## What you will do
Somewhere below are a line with "#14285 = EDGE_CURVE" and a later line with "#20822 = CARTESIAN_POINT". Output exactly those lines and all lines between them.

.....

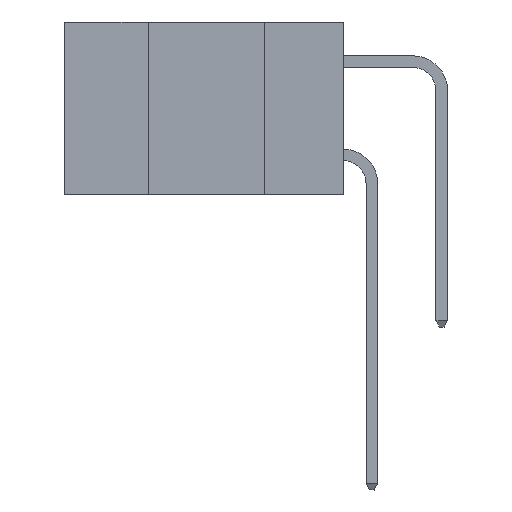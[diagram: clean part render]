
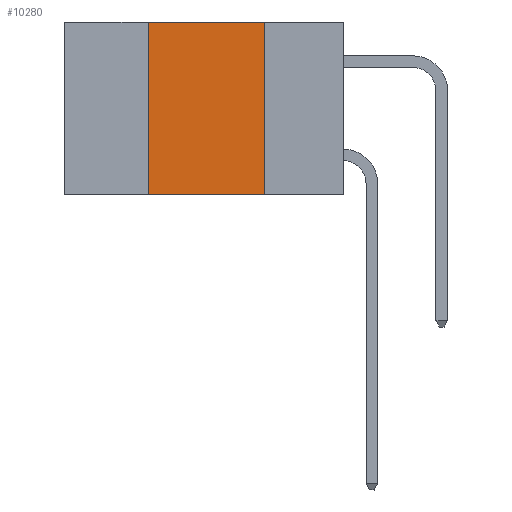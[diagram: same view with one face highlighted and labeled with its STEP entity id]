
A CAD part, left-side view. The second image highlights one B-rep face of the part: STEP entity #10280.
In plain terms, the highlighted planar face has unit normal (-1, 0, 0).
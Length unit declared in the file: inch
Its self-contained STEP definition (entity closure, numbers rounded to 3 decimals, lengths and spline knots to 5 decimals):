
#422 = EDGE_CURVE ( 'NONE', #8198, #9215, #19526, .T. ) ;
#637 = DIRECTION ( 'NONE',  ( 1., 0., 0. ) ) ;
#3465 = CARTESIAN_POINT ( 'NONE',  ( 0., 0.42, -0.37 ) ) ;
#4620 = ORIENTED_EDGE ( 'NONE', *, *, #422, .F. ) ;
#4667 = VECTOR ( 'NONE', #17888, 39.37008 ) ;
#5359 = VERTEX_POINT ( 'NONE', #19032 ) ;
#5546 = VECTOR ( 'NONE', #19402, 39.37008 ) ;
#5576 = DIRECTION ( 'NONE',  ( 0., -1., 0. ) ) ;
#5865 = DIRECTION ( 'NONE',  ( 0., 0., -1. ) ) ;
#6009 = AXIS2_PLACEMENT_3D ( 'NONE', #12579, #637, #14555 ) ;
#6035 = CARTESIAN_POINT ( 'NONE',  ( 0., 0.17, 0. ) ) ;
#8198 = VERTEX_POINT ( 'NONE', #12256 ) ;
#9215 = VERTEX_POINT ( 'NONE', #11431 ) ;
#9582 = CARTESIAN_POINT ( 'NONE',  ( 0., 0.6, -0.37 ) ) ;
#10280 = ADVANCED_FACE ( 'NONE', ( #15212 ), #18369, .F. ) ;
#11431 = CARTESIAN_POINT ( 'NONE',  ( 0., 0.17, -0.37 ) ) ;
#12106 = ORIENTED_EDGE ( 'NONE', *, *, #24567, .F. ) ;
#12256 = CARTESIAN_POINT ( 'NONE',  ( 0., 0.17, 0. ) ) ;
#12579 = CARTESIAN_POINT ( 'NONE',  ( 0., 0.6, 0. ) ) ;
#14555 = DIRECTION ( 'NONE',  ( 0., 0., -1. ) ) ;
#15212 = FACE_OUTER_BOUND ( 'NONE', #18619, .T. ) ;
#15213 = LINE ( 'NONE', #15969, #4667 ) ;
#15429 = CARTESIAN_POINT ( 'NONE',  ( 0., 0.6, 0. ) ) ;
#15969 = CARTESIAN_POINT ( 'NONE',  ( 0., 0.42, 0. ) ) ;
#17888 = DIRECTION ( 'NONE',  ( 0., 0., 1. ) ) ;
#17890 = ORIENTED_EDGE ( 'NONE', *, *, #22092, .T. ) ;
#18369 = PLANE ( 'NONE',  #6009 ) ;
#18619 = EDGE_LOOP ( 'NONE', ( #4620, #22159, #12106, #17890 ) ) ;
#19032 = CARTESIAN_POINT ( 'NONE',  ( 0., 0.42, 0. ) ) ;
#19402 = DIRECTION ( 'NONE',  ( 0., -1., 0. ) ) ;
#19526 = LINE ( 'NONE', #6035, #23454 ) ;
#20035 = VECTOR ( 'NONE', #5576, 39.37008 ) ;
#20642 = LINE ( 'NONE', #15429, #20035 ) ;
#20803 = EDGE_CURVE ( 'NONE', #5359, #8198, #20642, .T. ) ;
#21217 = LINE ( 'NONE', #9582, #5546 ) ;
#22092 = EDGE_CURVE ( 'NONE', #22687, #9215, #21217, .T. ) ;
#22159 = ORIENTED_EDGE ( 'NONE', *, *, #20803, .F. ) ;
#22687 = VERTEX_POINT ( 'NONE', #3465 ) ;
#23454 = VECTOR ( 'NONE', #5865, 39.37008 ) ;
#24567 = EDGE_CURVE ( 'NONE', #22687, #5359, #15213, .T. ) ;
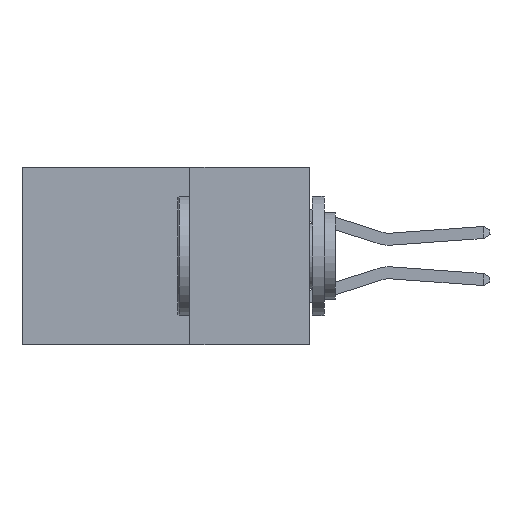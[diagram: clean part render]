
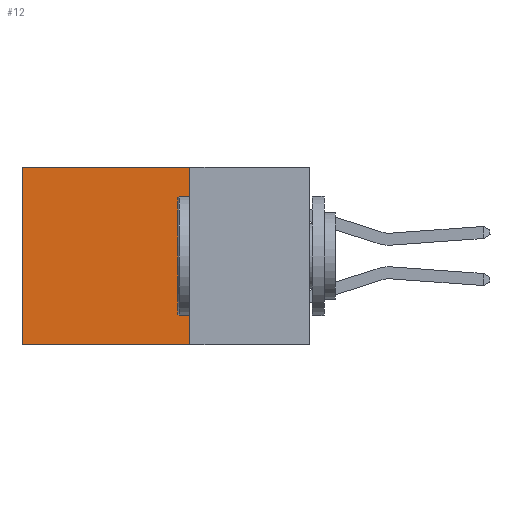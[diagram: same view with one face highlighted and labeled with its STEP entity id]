
A CAD part, left-side view. The second image highlights one B-rep face of the part: STEP entity #12.
In plain terms, the highlighted planar face has unit normal (-1, 0, 0).
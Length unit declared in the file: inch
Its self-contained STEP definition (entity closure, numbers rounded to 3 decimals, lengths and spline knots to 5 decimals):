
#12 = ADVANCED_FACE ( 'NONE', ( #916 ), #4349, .F. ) ;
#21 = LINE ( 'NONE', #3448, #12723 ) ;
#183 = CARTESIAN_POINT ( 'NONE',  ( 0.2615, 0.25, 0. ) ) ;
#258 = CARTESIAN_POINT ( 'NONE',  ( 0.2615, 0.6, -0.37 ) ) ;
#676 = CARTESIAN_POINT ( 'NONE',  ( 0.2615, 0.25, -0.37 ) ) ;
#916 = FACE_OUTER_BOUND ( 'NONE', #5056, .T. ) ;
#1337 = DIRECTION ( 'NONE',  ( 0., 0., -1. ) ) ;
#2224 = VECTOR ( 'NONE', #13291, 39.37008 ) ;
#2552 = AXIS2_PLACEMENT_3D ( 'NONE', #676, #13740, #10403 ) ;
#3142 = DIRECTION ( 'NONE',  ( 0., 1., 0. ) ) ;
#3448 = CARTESIAN_POINT ( 'NONE',  ( 0.2615, 0.25, 0. ) ) ;
#3605 = LINE ( 'NONE', #9654, #2224 ) ;
#4349 = PLANE ( 'NONE',  #2552 ) ;
#4483 = LINE ( 'NONE', #5421, #7831 ) ;
#5056 = EDGE_LOOP ( 'NONE', ( #15365, #5580, #13345, #14050 ) ) ;
#5421 = CARTESIAN_POINT ( 'NONE',  ( 0.2615, 0.25, -0.37 ) ) ;
#5580 = ORIENTED_EDGE ( 'NONE', *, *, #6277, .F. ) ;
#6277 = EDGE_CURVE ( 'NONE', #9883, #13209, #4483, .T. ) ;
#6866 = DIRECTION ( 'NONE',  ( 0., 1., 0. ) ) ;
#7831 = VECTOR ( 'NONE', #3142, 39.37008 ) ;
#7965 = CARTESIAN_POINT ( 'NONE',  ( 0.2615, 0.6, -0.37 ) ) ;
#8364 = CARTESIAN_POINT ( 'NONE',  ( 0.2615, 0.25, -0.37 ) ) ;
#9289 = EDGE_CURVE ( 'NONE', #15146, #13209, #12038, .T. ) ;
#9654 = CARTESIAN_POINT ( 'NONE',  ( 0.2615, 0.25, -0.37 ) ) ;
#9883 = VERTEX_POINT ( 'NONE', #8364 ) ;
#10260 = VECTOR ( 'NONE', #1337, 39.37008 ) ;
#10403 = DIRECTION ( 'NONE',  ( 0., 0., -1. ) ) ;
#10925 = VERTEX_POINT ( 'NONE', #183 ) ;
#11937 = EDGE_CURVE ( 'NONE', #10925, #9883, #3605, .T. ) ;
#12038 = LINE ( 'NONE', #258, #10260 ) ;
#12723 = VECTOR ( 'NONE', #6866, 39.37008 ) ;
#12856 = EDGE_CURVE ( 'NONE', #10925, #15146, #21, .T. ) ;
#13209 = VERTEX_POINT ( 'NONE', #7965 ) ;
#13291 = DIRECTION ( 'NONE',  ( 0., 0., -1. ) ) ;
#13345 = ORIENTED_EDGE ( 'NONE', *, *, #11937, .F. ) ;
#13740 = DIRECTION ( 'NONE',  ( 1., 0., 0. ) ) ;
#14050 = ORIENTED_EDGE ( 'NONE', *, *, #12856, .T. ) ;
#14990 = CARTESIAN_POINT ( 'NONE',  ( 0.2615, 0.6, 0. ) ) ;
#15146 = VERTEX_POINT ( 'NONE', #14990 ) ;
#15365 = ORIENTED_EDGE ( 'NONE', *, *, #9289, .T. ) ;
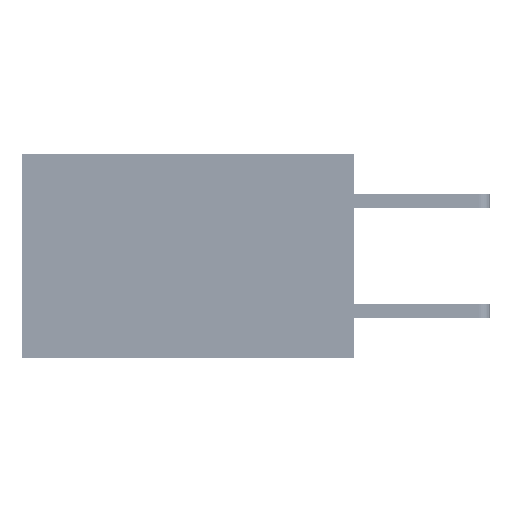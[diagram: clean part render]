
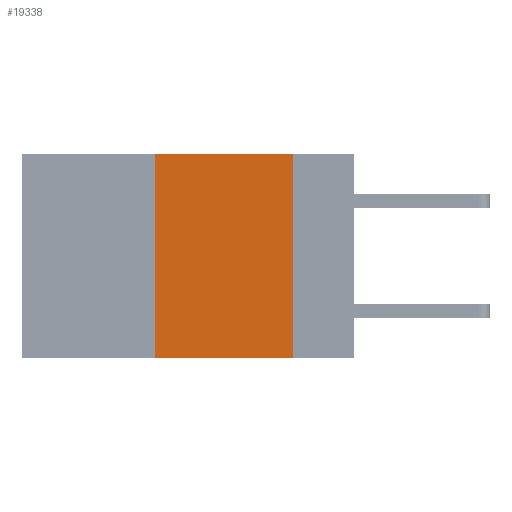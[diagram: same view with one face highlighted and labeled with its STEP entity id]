
A CAD part, left-side view. The second image highlights one B-rep face of the part: STEP entity #19338.
In plain terms, the highlighted planar face has unit normal (-1, 0, 0).
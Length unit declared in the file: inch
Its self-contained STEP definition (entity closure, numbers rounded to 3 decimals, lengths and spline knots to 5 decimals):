
#36 = CARTESIAN_POINT ( 'NONE',  ( 0., 0.11, 0. ) ) ;
#203 = DIRECTION ( 'NONE',  ( 0., -1., 0. ) ) ;
#1530 = VERTEX_POINT ( 'NONE', #18561 ) ;
#1953 = LINE ( 'NONE', #26231, #17473 ) ;
#5167 = ORIENTED_EDGE ( 'NONE', *, *, #29840, .F. ) ;
#6471 = VERTEX_POINT ( 'NONE', #21093 ) ;
#7067 = VECTOR ( 'NONE', #14658, 39.37008 ) ;
#13841 = VECTOR ( 'NONE', #46342, 39.37008 ) ;
#14285 = EDGE_CURVE ( 'NONE', #43423, #21439, #18416, .T. ) ;
#14658 = DIRECTION ( 'NONE',  ( 0., 0., -1. ) ) ;
#16258 = CARTESIAN_POINT ( 'NONE',  ( 0., 0.11, 0. ) ) ;
#16820 = PLANE ( 'NONE',  #38853 ) ;
#17473 = VECTOR ( 'NONE', #40788, 39.37008 ) ;
#18416 = LINE ( 'NONE', #36, #7067 ) ;
#18561 = CARTESIAN_POINT ( 'NONE',  ( 0., 0.36, -0.37 ) ) ;
#19338 = ADVANCED_FACE ( 'NONE', ( #24798 ), #16820, .F. ) ;
#19542 = CARTESIAN_POINT ( 'NONE',  ( 0., 0.11, -0.37 ) ) ;
#20822 = CARTESIAN_POINT ( 'NONE',  ( 0., 0.6, 0. ) ) ;
#21093 = CARTESIAN_POINT ( 'NONE',  ( 0., 0.36, 0. ) ) ;
#21439 = VERTEX_POINT ( 'NONE', #19542 ) ;
#24097 = VECTOR ( 'NONE', #203, 39.37008 ) ;
#24798 = FACE_OUTER_BOUND ( 'NONE', #25071, .T. ) ;
#25071 = EDGE_LOOP ( 'NONE', ( #27466, #32535, #5167, #32768 ) ) ;
#25458 = EDGE_CURVE ( 'NONE', #1530, #21439, #38836, .T. ) ;
#26231 = CARTESIAN_POINT ( 'NONE',  ( 0., 0.6, 0. ) ) ;
#27466 = ORIENTED_EDGE ( 'NONE', *, *, #14285, .F. ) ;
#27683 = EDGE_CURVE ( 'NONE', #6471, #43423, #1953, .T. ) ;
#28952 = CARTESIAN_POINT ( 'NONE',  ( 0., 0.6, -0.37 ) ) ;
#29840 = EDGE_CURVE ( 'NONE', #1530, #6471, #32710, .T. ) ;
#32535 = ORIENTED_EDGE ( 'NONE', *, *, #27683, .F. ) ;
#32710 = LINE ( 'NONE', #43050, #13841 ) ;
#32768 = ORIENTED_EDGE ( 'NONE', *, *, #25458, .T. ) ;
#35156 = DIRECTION ( 'NONE',  ( 1., 0., 0. ) ) ;
#38684 = DIRECTION ( 'NONE',  ( 0., 0., -1. ) ) ;
#38836 = LINE ( 'NONE', #28952, #24097 ) ;
#38853 = AXIS2_PLACEMENT_3D ( 'NONE', #20822, #35156, #38684 ) ;
#40788 = DIRECTION ( 'NONE',  ( 0., -1., 0. ) ) ;
#43050 = CARTESIAN_POINT ( 'NONE',  ( 0., 0.36, 0. ) ) ;
#43423 = VERTEX_POINT ( 'NONE', #16258 ) ;
#46342 = DIRECTION ( 'NONE',  ( 0., 0., 1. ) ) ;

.....

## Output for this task
#14285 = EDGE_CURVE ( 'NONE', #43423, #21439, #18416, .T. ) ;
#14658 = DIRECTION ( 'NONE',  ( 0., 0., -1. ) ) ;
#16258 = CARTESIAN_POINT ( 'NONE',  ( 0., 0.11, 0. ) ) ;
#16820 = PLANE ( 'NONE',  #38853 ) ;
#17473 = VECTOR ( 'NONE', #40788, 39.37008 ) ;
#18416 = LINE ( 'NONE', #36, #7067 ) ;
#18561 = CARTESIAN_POINT ( 'NONE',  ( 0., 0.36, -0.37 ) ) ;
#19338 = ADVANCED_FACE ( 'NONE', ( #24798 ), #16820, .F. ) ;
#19542 = CARTESIAN_POINT ( 'NONE',  ( 0., 0.11, -0.37 ) ) ;
#20822 = CARTESIAN_POINT ( 'NONE',  ( 0., 0.6, 0. ) ) ;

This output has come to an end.